School of Molecular Sciences, The University of Western Australia, Perth, WA 6009, Australia.
School of Molecular Sciences, The University of Western Australia, Perth, WA 6009, Australia.
J Steroid Biochem Mol Biol. 2023 Oct;233:106368. doi: 10.1016/j.jsbmb.2023.106368. Epub 2023 Jul 24.
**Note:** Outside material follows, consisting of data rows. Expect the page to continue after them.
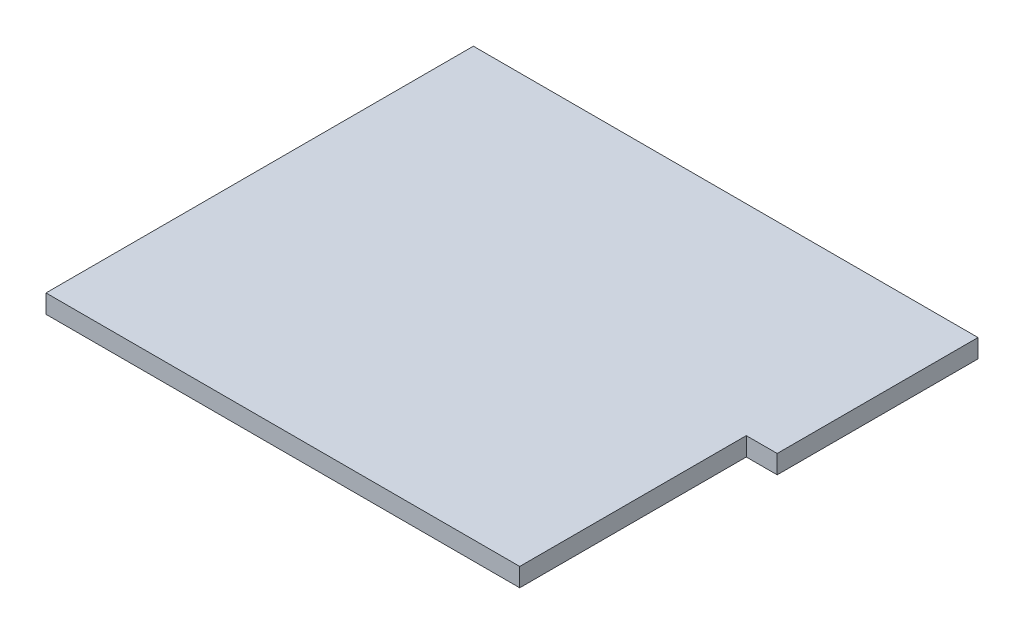
SolidWorks part; units mm, degrees
material "Zoltek Panex 33"
ref_plane "Płaszczyzna przednia" through (0, 0, 0) normal (0, 0, 1) x (1, 0, 0)
ref_plane "Płaszczyzna górna" through (0, 0, 0) normal (0, 1, 0) x (1, 0, 0)
ref_plane "Płaszczyzna prawa" through (0, 0, 0) normal (1, 0, 0) x (0, 0, -1)
sketch "Szkic1" plane through (0, 0, 0) normal (0, 1, 0) x (1, 0, 0)
  line L0 (0, 0) -> (454, 0)
  line L1 (454, 0) -> (454, 220)
  line L2 (454, 220) -> (484, 220)
  line L3 (484, 220) -> (484, 409)
  line L4 (484, 409) -> (0, 409)
  line L5 (0, 409) -> (0, 0)
  dimension "D1" = 409
  dimension "D2" = 484
  dimension "D3" = 30
  dimension "D4" = 189
extrude "Dodanie-wyciągnięcie1" add sketch "Szkic1" against normal blind 15
shell "Skorupa1" thickness 3

Vitamin D is found in two forms in humans, D3 produced in the skin and D2 solely from the diet. Both 25-hydroxyvitamin D (25(OH)D) and 1,25-dihydroxyvitamin D (1,25(OH)D) are oxidised and inactivated by CYP24A1, a tightly regulated mitochondrial enzyme that controls serum levels of these secosteroids. The pathways of oxidation of 25(OH)D2 and 1,25(OH)D2, particularly 25(OH)D2, by human CYP24A1 are not well characterized. The aim of this study was to further elucidate these pathways, and to compare the kinetics of metabolism of 25(OH)D2 and 1,25(OH)D2 with their vitamin D3 counterparts. We used expressed and partially purified human CYP24A1 with substrates dissolved in the membrane of phospholipid vesicles, to mimic the inner mitochondrial membrane. We found that the major pathways for side chain oxidation of 25(OH)D2 and 1,25(OH)D2 were identical and that predominant intermediates of 25(OH)D2 metabolism could be converted to the corresponding intermediates in the pathway of 1,25(OH)D2 oxidation by 1α-hydroxylation by CYP27B1. The initial steps in the CYP24A1-mediated oxidation involved hydroxylation at the C24R position, and another unknown position where the alcohol was oxidised to an aldehyde. The 24R-hydroxylation was followed by hydroxylation at C26 or C28, or cleavage between C24 and C25 to produce the 24-oxo-25,26,27-trinor derivative. All of these products were further oxidised, with 24-oxo-25,26,27-trinor-1(OH)D2 giving a product tentatively identified as 24-oxo-25,26,27-trinor-1,28(OH)D2. The catalytic efficiency (k/K) of CYP24A1 for initial 25(OH)D2 hydroxylation was similar to that for 25(OH)D3, indicating that they have similar rates of inactivation at low substrate concentrations, supporting that vitamins D2 and D3 are equally effective in maintaining serum 25(OH)D concentrations. In contrast, the k/K value for 1,25(OH)D3 was almost double that for 1,25(OH)D2 indicating a lower rate of inactivation of 1,25(OH)D2 at a low substrate concentration, suggesting that it has increased metabolic stability in vivo.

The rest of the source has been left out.